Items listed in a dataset
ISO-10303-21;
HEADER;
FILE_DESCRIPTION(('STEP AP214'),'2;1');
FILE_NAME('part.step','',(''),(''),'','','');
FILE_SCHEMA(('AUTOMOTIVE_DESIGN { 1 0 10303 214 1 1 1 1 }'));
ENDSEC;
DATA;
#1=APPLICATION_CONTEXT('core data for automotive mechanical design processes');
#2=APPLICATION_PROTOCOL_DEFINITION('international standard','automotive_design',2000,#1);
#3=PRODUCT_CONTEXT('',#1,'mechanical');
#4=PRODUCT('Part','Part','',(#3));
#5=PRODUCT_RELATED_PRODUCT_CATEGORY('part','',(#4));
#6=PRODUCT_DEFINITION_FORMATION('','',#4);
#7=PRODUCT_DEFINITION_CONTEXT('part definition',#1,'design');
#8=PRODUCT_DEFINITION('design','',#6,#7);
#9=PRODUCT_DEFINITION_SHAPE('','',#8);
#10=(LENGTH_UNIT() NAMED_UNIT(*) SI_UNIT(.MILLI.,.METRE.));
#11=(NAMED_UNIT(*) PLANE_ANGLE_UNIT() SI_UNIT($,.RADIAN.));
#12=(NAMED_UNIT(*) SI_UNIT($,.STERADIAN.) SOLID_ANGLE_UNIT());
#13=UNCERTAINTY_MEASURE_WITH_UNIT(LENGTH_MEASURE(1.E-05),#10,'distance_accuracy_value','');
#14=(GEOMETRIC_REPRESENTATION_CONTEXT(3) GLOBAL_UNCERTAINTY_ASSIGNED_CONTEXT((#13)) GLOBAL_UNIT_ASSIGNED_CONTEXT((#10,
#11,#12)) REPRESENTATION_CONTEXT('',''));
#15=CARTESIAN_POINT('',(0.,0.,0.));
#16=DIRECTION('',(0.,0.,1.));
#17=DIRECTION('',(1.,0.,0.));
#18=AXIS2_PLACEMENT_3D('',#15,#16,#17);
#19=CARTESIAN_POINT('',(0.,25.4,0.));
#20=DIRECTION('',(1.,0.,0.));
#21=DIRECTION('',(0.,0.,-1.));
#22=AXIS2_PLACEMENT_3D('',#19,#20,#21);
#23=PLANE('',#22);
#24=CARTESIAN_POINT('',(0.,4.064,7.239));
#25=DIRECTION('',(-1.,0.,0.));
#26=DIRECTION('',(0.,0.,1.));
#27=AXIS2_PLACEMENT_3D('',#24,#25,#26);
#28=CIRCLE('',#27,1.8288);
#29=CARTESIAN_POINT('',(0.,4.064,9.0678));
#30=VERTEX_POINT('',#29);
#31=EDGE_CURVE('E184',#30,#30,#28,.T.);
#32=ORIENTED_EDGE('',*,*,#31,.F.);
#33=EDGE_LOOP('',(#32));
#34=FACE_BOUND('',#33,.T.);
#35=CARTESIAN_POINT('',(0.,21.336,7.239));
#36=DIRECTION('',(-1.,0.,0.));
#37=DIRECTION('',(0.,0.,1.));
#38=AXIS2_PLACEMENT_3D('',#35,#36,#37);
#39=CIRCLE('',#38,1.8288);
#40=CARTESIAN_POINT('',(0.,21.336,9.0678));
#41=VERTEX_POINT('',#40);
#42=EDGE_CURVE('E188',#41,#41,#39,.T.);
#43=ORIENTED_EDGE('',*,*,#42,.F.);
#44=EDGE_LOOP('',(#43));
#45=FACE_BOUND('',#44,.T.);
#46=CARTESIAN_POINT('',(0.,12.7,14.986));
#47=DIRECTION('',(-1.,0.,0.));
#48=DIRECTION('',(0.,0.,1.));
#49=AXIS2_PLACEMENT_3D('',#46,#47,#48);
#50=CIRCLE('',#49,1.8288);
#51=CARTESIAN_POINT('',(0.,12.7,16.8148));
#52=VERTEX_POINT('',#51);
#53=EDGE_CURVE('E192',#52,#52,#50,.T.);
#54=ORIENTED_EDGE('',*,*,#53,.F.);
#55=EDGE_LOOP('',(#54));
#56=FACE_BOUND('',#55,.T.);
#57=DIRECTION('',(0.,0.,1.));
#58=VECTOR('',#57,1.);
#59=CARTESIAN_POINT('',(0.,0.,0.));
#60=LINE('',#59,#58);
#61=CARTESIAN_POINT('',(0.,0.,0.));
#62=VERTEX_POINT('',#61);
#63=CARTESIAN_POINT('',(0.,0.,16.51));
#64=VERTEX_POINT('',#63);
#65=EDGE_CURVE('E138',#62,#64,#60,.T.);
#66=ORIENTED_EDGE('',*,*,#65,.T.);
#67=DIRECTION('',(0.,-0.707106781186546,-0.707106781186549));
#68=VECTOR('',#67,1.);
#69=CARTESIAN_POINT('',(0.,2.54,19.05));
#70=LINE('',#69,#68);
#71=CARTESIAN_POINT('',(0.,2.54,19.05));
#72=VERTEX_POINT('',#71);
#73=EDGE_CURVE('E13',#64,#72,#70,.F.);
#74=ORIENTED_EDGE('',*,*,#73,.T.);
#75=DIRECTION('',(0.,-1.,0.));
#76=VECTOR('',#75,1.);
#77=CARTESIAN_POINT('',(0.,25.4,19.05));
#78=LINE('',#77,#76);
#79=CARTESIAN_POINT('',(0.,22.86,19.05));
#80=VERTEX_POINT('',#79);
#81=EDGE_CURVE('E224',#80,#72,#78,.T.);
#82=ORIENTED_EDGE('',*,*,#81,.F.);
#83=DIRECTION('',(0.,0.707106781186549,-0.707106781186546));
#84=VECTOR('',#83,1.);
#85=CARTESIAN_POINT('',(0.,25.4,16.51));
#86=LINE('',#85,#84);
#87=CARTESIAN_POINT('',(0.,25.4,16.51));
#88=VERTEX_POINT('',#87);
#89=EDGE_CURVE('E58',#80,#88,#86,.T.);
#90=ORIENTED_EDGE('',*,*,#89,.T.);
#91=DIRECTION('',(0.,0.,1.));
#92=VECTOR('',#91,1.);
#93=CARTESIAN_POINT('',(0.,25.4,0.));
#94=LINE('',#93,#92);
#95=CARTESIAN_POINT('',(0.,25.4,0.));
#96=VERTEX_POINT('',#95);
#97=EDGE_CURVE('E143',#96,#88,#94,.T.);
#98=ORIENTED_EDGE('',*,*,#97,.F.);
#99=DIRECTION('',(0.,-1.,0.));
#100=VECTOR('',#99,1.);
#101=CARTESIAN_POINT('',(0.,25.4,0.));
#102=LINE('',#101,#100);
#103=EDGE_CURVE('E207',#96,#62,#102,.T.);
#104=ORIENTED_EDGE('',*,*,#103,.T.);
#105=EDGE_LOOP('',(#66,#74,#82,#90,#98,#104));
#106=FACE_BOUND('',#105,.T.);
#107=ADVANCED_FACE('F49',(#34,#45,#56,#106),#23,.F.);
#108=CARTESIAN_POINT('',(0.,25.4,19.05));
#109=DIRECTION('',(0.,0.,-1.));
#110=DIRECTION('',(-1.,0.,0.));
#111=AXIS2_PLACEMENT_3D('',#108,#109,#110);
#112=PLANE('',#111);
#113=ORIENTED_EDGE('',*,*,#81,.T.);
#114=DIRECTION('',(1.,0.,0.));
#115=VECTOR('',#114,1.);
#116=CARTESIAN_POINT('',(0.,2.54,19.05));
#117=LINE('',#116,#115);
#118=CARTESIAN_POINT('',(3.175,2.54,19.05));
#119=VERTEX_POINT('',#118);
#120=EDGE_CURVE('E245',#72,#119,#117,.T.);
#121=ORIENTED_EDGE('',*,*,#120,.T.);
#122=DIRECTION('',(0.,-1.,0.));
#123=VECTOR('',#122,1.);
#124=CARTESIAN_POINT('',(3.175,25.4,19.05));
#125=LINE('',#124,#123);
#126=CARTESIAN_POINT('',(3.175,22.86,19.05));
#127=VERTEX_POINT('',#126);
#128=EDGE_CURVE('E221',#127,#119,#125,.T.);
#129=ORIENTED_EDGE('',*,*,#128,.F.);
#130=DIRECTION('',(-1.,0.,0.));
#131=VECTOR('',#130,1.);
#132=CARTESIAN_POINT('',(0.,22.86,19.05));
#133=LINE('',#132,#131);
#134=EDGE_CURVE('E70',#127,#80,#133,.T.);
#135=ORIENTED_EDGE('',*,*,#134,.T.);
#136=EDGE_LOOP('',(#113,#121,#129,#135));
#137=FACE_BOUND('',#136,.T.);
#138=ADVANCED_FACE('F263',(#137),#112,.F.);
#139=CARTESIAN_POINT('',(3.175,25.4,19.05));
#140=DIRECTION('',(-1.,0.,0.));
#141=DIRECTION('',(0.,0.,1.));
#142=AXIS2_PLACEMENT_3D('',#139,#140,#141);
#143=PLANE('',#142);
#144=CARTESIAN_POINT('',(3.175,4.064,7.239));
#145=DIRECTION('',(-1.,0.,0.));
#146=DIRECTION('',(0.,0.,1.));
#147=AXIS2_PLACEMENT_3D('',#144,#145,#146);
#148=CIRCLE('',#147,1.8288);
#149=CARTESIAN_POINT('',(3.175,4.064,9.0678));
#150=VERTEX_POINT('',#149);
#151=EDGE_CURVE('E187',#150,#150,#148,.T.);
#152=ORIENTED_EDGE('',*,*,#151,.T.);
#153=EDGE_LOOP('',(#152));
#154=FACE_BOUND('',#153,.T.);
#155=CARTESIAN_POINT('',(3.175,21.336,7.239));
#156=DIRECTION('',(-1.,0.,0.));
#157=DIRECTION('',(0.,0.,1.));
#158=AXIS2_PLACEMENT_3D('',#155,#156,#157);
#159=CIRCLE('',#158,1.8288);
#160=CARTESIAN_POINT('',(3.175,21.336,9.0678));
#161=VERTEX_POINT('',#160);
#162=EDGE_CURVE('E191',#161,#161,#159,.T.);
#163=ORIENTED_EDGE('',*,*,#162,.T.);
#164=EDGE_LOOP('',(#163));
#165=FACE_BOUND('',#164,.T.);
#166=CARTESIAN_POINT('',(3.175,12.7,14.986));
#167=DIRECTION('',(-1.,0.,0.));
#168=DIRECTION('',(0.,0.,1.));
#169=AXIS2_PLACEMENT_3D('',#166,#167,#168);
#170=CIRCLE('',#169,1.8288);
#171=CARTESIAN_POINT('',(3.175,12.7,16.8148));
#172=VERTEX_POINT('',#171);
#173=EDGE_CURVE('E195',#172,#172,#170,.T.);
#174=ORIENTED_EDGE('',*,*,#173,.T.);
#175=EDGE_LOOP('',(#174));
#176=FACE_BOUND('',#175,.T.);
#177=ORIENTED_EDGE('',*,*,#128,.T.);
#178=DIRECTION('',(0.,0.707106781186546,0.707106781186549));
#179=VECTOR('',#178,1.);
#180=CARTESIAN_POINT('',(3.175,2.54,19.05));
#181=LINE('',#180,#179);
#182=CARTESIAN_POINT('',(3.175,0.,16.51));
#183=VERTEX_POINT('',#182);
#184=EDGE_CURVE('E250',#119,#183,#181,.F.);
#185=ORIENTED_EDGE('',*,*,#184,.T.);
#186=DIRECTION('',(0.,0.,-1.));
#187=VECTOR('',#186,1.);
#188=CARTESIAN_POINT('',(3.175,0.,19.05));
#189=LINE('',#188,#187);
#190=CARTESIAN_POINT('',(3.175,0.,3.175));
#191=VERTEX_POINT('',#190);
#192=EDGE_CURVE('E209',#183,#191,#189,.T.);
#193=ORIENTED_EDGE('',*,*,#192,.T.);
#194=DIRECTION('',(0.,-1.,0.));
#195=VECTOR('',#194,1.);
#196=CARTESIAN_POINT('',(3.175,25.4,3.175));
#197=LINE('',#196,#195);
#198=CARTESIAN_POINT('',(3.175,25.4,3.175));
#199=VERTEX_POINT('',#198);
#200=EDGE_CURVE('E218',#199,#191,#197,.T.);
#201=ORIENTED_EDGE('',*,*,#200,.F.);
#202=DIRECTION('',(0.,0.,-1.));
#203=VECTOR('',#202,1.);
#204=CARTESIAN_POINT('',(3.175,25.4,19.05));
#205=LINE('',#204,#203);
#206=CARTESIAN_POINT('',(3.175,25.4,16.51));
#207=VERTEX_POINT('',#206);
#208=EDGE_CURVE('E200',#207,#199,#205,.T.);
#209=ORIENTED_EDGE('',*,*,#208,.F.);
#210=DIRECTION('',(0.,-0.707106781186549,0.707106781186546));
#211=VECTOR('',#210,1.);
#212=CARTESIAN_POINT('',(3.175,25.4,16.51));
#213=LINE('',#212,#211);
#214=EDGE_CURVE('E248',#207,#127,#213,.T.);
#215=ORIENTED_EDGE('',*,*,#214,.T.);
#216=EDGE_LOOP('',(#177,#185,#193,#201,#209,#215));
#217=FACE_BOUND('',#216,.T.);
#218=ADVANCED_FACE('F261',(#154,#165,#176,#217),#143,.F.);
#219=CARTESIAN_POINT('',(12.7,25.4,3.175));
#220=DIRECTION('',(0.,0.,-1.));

## [TASK DESCRIPTION]
Give again exactly, and only, the lines above starting at the one with "#24=CARTESIAN_POINT('',(0.,4.064,7.239));" and ending at the one with "#66=ORIENTED_EDGE('',*,*,#65,.T.);".

## [RESPONSE]
#24=CARTESIAN_POINT('',(0.,4.064,7.239));
#25=DIRECTION('',(-1.,0.,0.));
#26=DIRECTION('',(0.,0.,1.));
#27=AXIS2_PLACEMENT_3D('',#24,#25,#26);
#28=CIRCLE('',#27,1.8288);
#29=CARTESIAN_POINT('',(0.,4.064,9.0678));
#30=VERTEX_POINT('',#29);
#31=EDGE_CURVE('E184',#30,#30,#28,.T.);
#32=ORIENTED_EDGE('',*,*,#31,.F.);
#33=EDGE_LOOP('',(#32));
#34=FACE_BOUND('',#33,.T.);
#35=CARTESIAN_POINT('',(0.,21.336,7.239));
#36=DIRECTION('',(-1.,0.,0.));
#37=DIRECTION('',(0.,0.,1.));
#38=AXIS2_PLACEMENT_3D('',#35,#36,#37);
#39=CIRCLE('',#38,1.8288);
#40=CARTESIAN_POINT('',(0.,21.336,9.0678));
#41=VERTEX_POINT('',#40);
#42=EDGE_CURVE('E188',#41,#41,#39,.T.);
#43=ORIENTED_EDGE('',*,*,#42,.F.);
#44=EDGE_LOOP('',(#43));
#45=FACE_BOUND('',#44,.T.);
#46=CARTESIAN_POINT('',(0.,12.7,14.986));
#47=DIRECTION('',(-1.,0.,0.));
#48=DIRECTION('',(0.,0.,1.));
#49=AXIS2_PLACEMENT_3D('',#46,#47,#48);
#50=CIRCLE('',#49,1.8288);
#51=CARTESIAN_POINT('',(0.,12.7,16.8148));
#52=VERTEX_POINT('',#51);
#53=EDGE_CURVE('E192',#52,#52,#50,.T.);
#54=ORIENTED_EDGE('',*,*,#53,.F.);
#55=EDGE_LOOP('',(#54));
#56=FACE_BOUND('',#55,.T.);
#57=DIRECTION('',(0.,0.,1.));
#58=VECTOR('',#57,1.);
#59=CARTESIAN_POINT('',(0.,0.,0.));
#60=LINE('',#59,#58);
#61=CARTESIAN_POINT('',(0.,0.,0.));
#62=VERTEX_POINT('',#61);
#63=CARTESIAN_POINT('',(0.,0.,16.51));
#64=VERTEX_POINT('',#63);
#65=EDGE_CURVE('E138',#62,#64,#60,.T.);
#66=ORIENTED_EDGE('',*,*,#65,.T.);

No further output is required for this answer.